» What is required:
All lines of the material below that include the string "blocks" are to be copied.

========================================================================

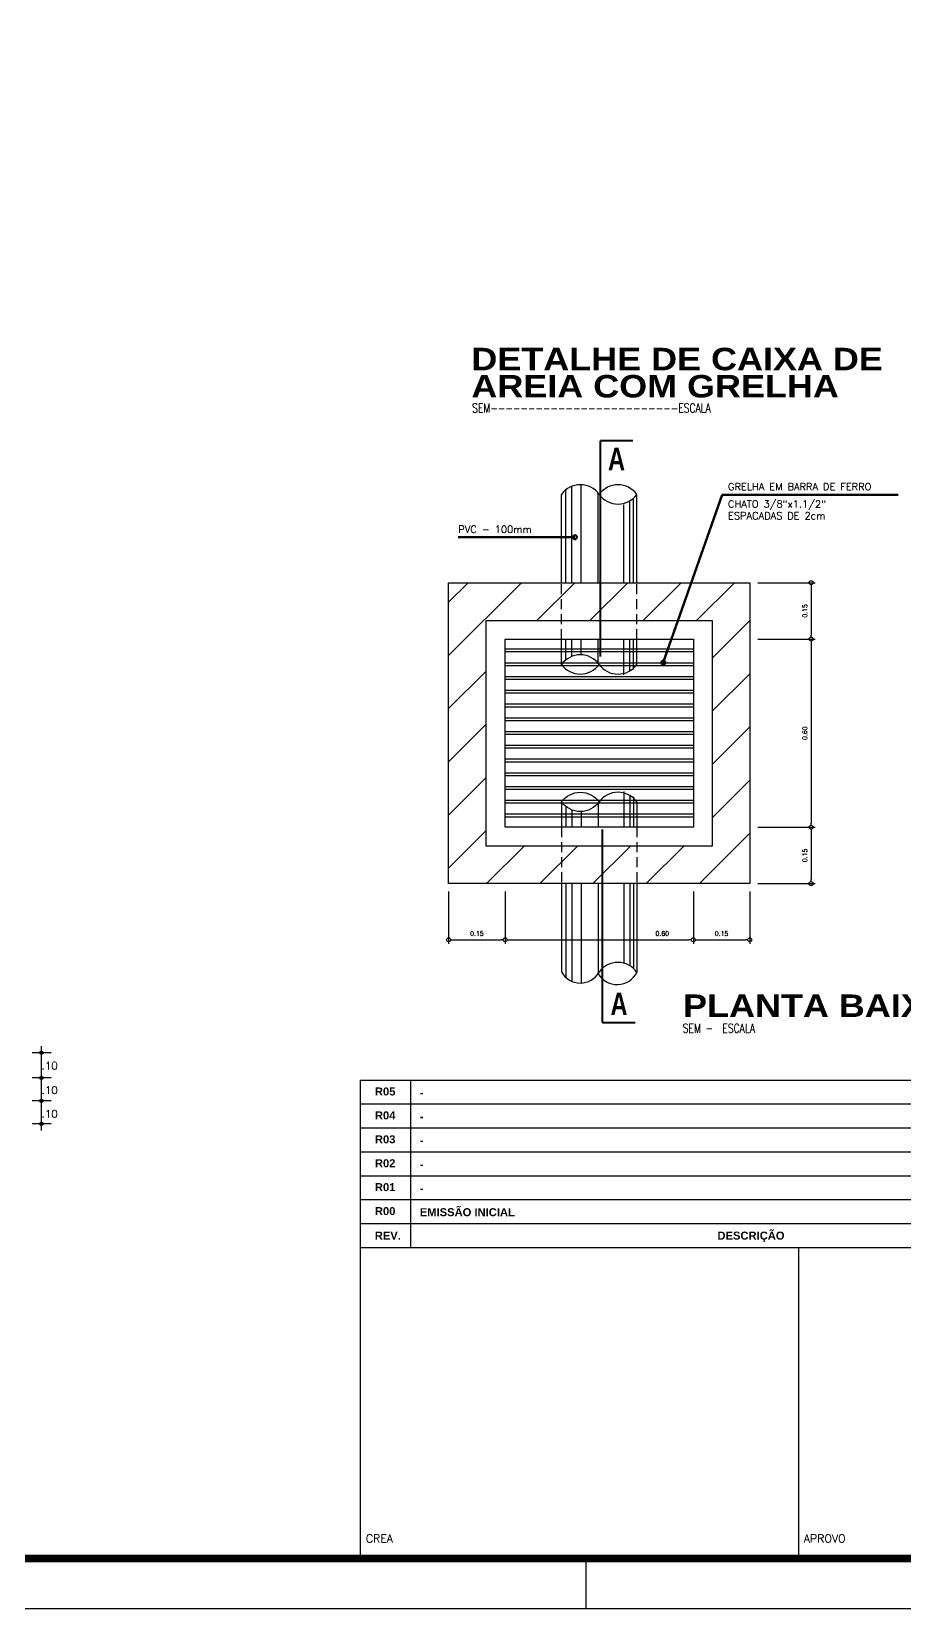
# Model space of a CAD drawing. Header units: inches. Extents: x 752 to 2304, y -3097 to -639.
# Drawn here: x 786.19 to 807.99, y -723.16 to -683.74 of the extents above; entities that cross this region are included whole.
import ezdxf
from ezdxf.enums import TextEntityAlignment as Align

# ---------------------------------------------------------------- set-up
doc = ezdxf.new("R2010")
doc.units = ezdxf.units.IN
doc.header["$MEASUREMENT"] = 0
doc.header["$PDMODE"] = 35
doc.linetypes.add('DASHDOT2', pattern=[0.5, 0.25, -0.125, 0, -0.125])
doc.linetypes.add('HIDDEN', pattern=[0.375, 0.25, -0.125])
for name, color, linetype in [('arq', 9, 'Continuous'), ('ARQ-L', 7, 'Continuous'), ('cercadura', 9, 'Continuous'), ('INDICAÇÕES', 9, 'Continuous'), ('S', 9, 'Continuous'), ('TEXTO-HIDRO', 100, 'Continuous')]:
    doc.layers.add(name, color=color, linetype=linetype)
doc.styles.add('140-125', font='ariblk.TTF', dxfattribs={"height": 0.437})
doc.styles.add('60-75', font='ROMANS.shx', dxfattribs={"height": 0.1125})
doc.styles.add('ROMAND', font='romans.shx', dxfattribs={"height": 0.3})
doc.styles.add('ROMANS', font='romans', dxfattribs={"width": 5, "height": 1})
doc.styles.get("Standard").update_dxf_attribs({"font": 'txt.shx'})
doc.styles.add('SWIS', font='swissbi.ttf', dxfattribs={"width": 0.9})
doc.styles.add('SWISS', font='swissb.ttf')
doc.styles.add('TEXTO-HIDRO', font='ROMANS.shx', dxfattribs={"width": 0.8, "height": 0.2})
doc.dimstyles.get("Standard").update_dxf_attribs({"dimtxt": 0.18, "dimasz": 0.18, "dimexe": 0.18, "dimexo": 0.0625, "dimgap": 0.09, "dimtad": 0, "dimtih": 1, "dimtoh": 1, "dimdec": 4, "dimzin": 0, "dimdsep": 46, "dimtxsty": 'Standard', "dimcen": 0.09, "dimadec": 0, "dimazin": 0, "dimtfac": 1, "dimtdec": 4, "dimtofl": 0, "dimtmove": 0, "dimatfit": 3, "dimfxl": 0, "dimtolj": 1, "dimtzin": 0, "dimarcsym": 0})

# ---------------------------------------------------------------- blocks, each defined once
blk = doc.blocks.new('A1-FASE-FORTAL2')
at = {"layer": 'cercadura'}
for p, q in [((0.296, 0.10567), (0.471, 0.10567)), ((0.296, 0.07218), (0.296, 0.10567)), ((0.306, 0.07218), (0.306, 0.10567)), ((0.296, 0.10088), (0.471, 0.10088)), ((0.296, 0.0961), (0.471, 0.0961)), ((0.296, 0.09132), (0.471, 0.09132)), ((0.296, 0.08653), (0.471, 0.08653)), ((0.296, 0.08175), (0.471, 0.08175)), ((0.296, 0.01), (0.296, 0.07218)), ((0.296, 0.07218), (0.471, 0.07218)), ((0.3835, 0.07218), (0.3835, 0.01)), ((0.341, 0.01), (0.341, 0)), ((0, 0), (0.841, 0))]:
    blk.add_line(p, q, dxfattribs=at)
at = {"layer": 'cercadura', "color": 152, "const_width": 0.0015}
blk.add_lwpolyline([(0.831, 0.5845), (0.025, 0.5845), (0.025, 0.01), (0.831, 0.01), (0.831, 0.5845)], close=True, dxfattribs=at)
at = {"layer": 'cercadura'}
blk.add_lwpolyline([(0.296, 0.07697), (0.471, 0.07697)], dxfattribs=at)
at = {"color": 152, "style": 'ROMAND'}
for p in [(0.67499, 0.04961), (0.67499, 0.04403), (0.67499, 0.03307), (0.67499, 0.02248), (0.67499, 0.01641)]:
    blk.add_attdef('FASE', p, '', height=0.00354, dxfattribs=at)
at = {"color": 152, "style": 'ROMAND', "width": 0.8}
blk.add_attdef('HS-01/15-R01', text='', height=0.00354, dxfattribs=at).set_placement((0.78492, 0.04584), (0.81809, 0.04584), align=Align.FIT)
at = {"color": 152, "style": 'ROMANS'}
for tag, p in [('1/100', (0.79147, 0.0342)), ('?/2008', (0.81053, 0.0342)), ('MES/ANO', (0.79617, 0.0261))]:
    blk.add_attdef(tag, text='', height=0.00197, dxfattribs=at).set_placement(p, align=Align.CENTER)
blk.add_attdef('0107_HS_01_SIT_LEG_R0A', text='', height=0.00174, dxfattribs=at).set_placement((0.78371, 0.01703), (0.82028, 0.01703), align=Align.FIT)
at = {"layer": 'cercadura'}
for s, style, p in [('R05', 'SWISS', (0.29885, 0.10258)), ('R04', 'SWISS', (0.29885, 0.0978)), ('R03', 'SWISS', (0.29885, 0.09301)), ('R02', 'SWISS', (0.29885, 0.08823)), ('R01', 'SWISS', (0.29885, 0.08345)), ('R00', 'SWISS', (0.29885, 0.07866)), ('DESCRIÇÃO', 'SWISS', (0.3673, 0.07376)), ('REV.', 'SWISS', (0.29882, 0.07376)), ('CREA', 'ROMANS', (0.29705, 0.01319)), ('APROVO', 'ROMANS', (0.38455, 0.01319))]:
    blk.add_text(s, height=0.0016, dxfattribs=dict(at, style=style)).set_placement(p)
at = {"layer": 'cercadura', "style": 'SWISS'}
for p in [(0.30782, 0.10236), (0.30782, 0.09758), (0.30782, 0.09279), (0.30782, 0.08801), (0.30782, 0.08323), (0.30782, 0.07844), (0.03034, 0.01433)]:
    blk.add_attdef('-', p, '', height=0.0016, dxfattribs=at)
blk = doc.blocks.new('_DOTBLANK')
at = {"color": 0, "linetype": 'ByBlock'}
blk.add_line((-0.5, 0), (-1, 0), dxfattribs=at)
blk.add_circle((0, 0), 0.5, dxfattribs=at)
blk = doc.blocks.new('*D19')
for p, q in [((804.329, -697.521), (805.762, -697.521)), ((804.329, -697.521), (805.762, -697.521)), ((805.662, -697.621), (805.662, -698.832)), ((805.662, -697.621), (805.662, -698.832)), ((804.329, -698.932), (805.762, -698.932)), ((804.329, -698.932), (805.762, -698.932))]:
    blk.add_line(p, q)
at = {"layer": 'Defpoints', "color": 0}
for p in [(804.129, -697.521), (804.129, -697.521), (804.129, -698.932), (804.129, -698.932), (805.662, -698.932), (805.662, -698.932)]:
    blk.add_point(p, dxfattribs=at)
at = {"xscale": 0.1, "yscale": 0.1, "zscale": 0.1}
for p, rotation in [((805.662, -697.521), 90), ((805.662, -697.521), 90), ((805.662, -698.932), 270), ((805.662, -698.932), 270)]:
    blk.add_blockref('_DOTBLANK', p, dxfattribs=dict(at, rotation=rotation))
at = {"color": 40, "insert": (805.505, -698.227), "char_height": 0.1125, "attachment_point": 5, "rotation": 90, "style": '60-75'}
blk.add_mtext('\\A1;0.15', dxfattribs=at)
blk.add_mtext('\\A1;0.15', dxfattribs=at)
blk = doc.blocks.new('*D20')
for p, q in [((802.719, -705.244), (802.719, -706.547)), ((802.719, -705.244), (802.719, -706.547)), ((804.129, -705.244), (804.129, -706.547)), ((804.129, -705.244), (804.129, -706.547)), ((802.819, -706.447), (804.029, -706.447)), ((802.819, -706.447), (804.029, -706.447))]:
    blk.add_line(p, q)
at = {"layer": 'Defpoints', "color": 0}
for p in [(802.719, -705.044), (802.719, -705.044), (804.129, -705.044), (804.129, -705.044), (804.129, -706.447), (804.129, -706.447)]:
    blk.add_point(p, dxfattribs=at)
at = {"xscale": 0.1, "yscale": 0.1, "zscale": 0.1, "rotation": 180}
blk.add_blockref('_DOTBLANK', (802.719, -706.447), dxfattribs=at)
blk.add_blockref('_DOTBLANK', (802.719, -706.447), dxfattribs=at)
at = {"xscale": 0.1, "yscale": 0.1, "zscale": 0.1}
blk.add_blockref('_DOTBLANK', (804.129, -706.447), dxfattribs=at)
blk.add_blockref('_DOTBLANK', (804.129, -706.447), dxfattribs=at)
at = {"color": 40, "insert": (803.424, -706.291), "char_height": 0.1125, "attachment_point": 5, "style": '60-75'}
blk.add_mtext('\\A1;0.15', dxfattribs=at)
blk.add_mtext('\\A1;0.15', dxfattribs=at)
blk = doc.blocks.new('*D21')
for p, q in [((804.329, -703.633), (805.762, -703.633)), ((804.329, -703.633), (805.762, -703.633)), ((805.662, -703.733), (805.662, -704.944)), ((805.662, -703.733), (805.662, -704.944)), ((804.329, -705.044), (805.762, -705.044)), ((804.329, -705.044), (805.762, -705.044))]:
    blk.add_line(p, q)
at = {"layer": 'Defpoints', "color": 0}
for p in [(804.129, -703.633), (804.129, -703.633), (804.129, -705.044), (804.129, -705.044), (805.662, -705.044), (805.662, -705.044)]:
    blk.add_point(p, dxfattribs=at)
at = {"xscale": 0.1, "yscale": 0.1, "zscale": 0.1}
for p, rotation in [((805.662, -703.633), 90), ((805.662, -703.633), 90), ((805.662, -705.044), 270), ((805.662, -705.044), 270)]:
    blk.add_blockref('_DOTBLANK', p, dxfattribs=dict(at, rotation=rotation))
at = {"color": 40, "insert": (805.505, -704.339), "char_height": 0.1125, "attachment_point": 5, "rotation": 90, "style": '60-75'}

========================================================================

» Solution below:
# ---------------------------------------------------------------- blocks, each defined once
blk = doc.blocks.new('A1-FASE-FORTAL2')
blk = doc.blocks.new('_DOTBLANK')
blk = doc.blocks.new('*D19')
blk = doc.blocks.new('*D20')
blk = doc.blocks.new('*D21')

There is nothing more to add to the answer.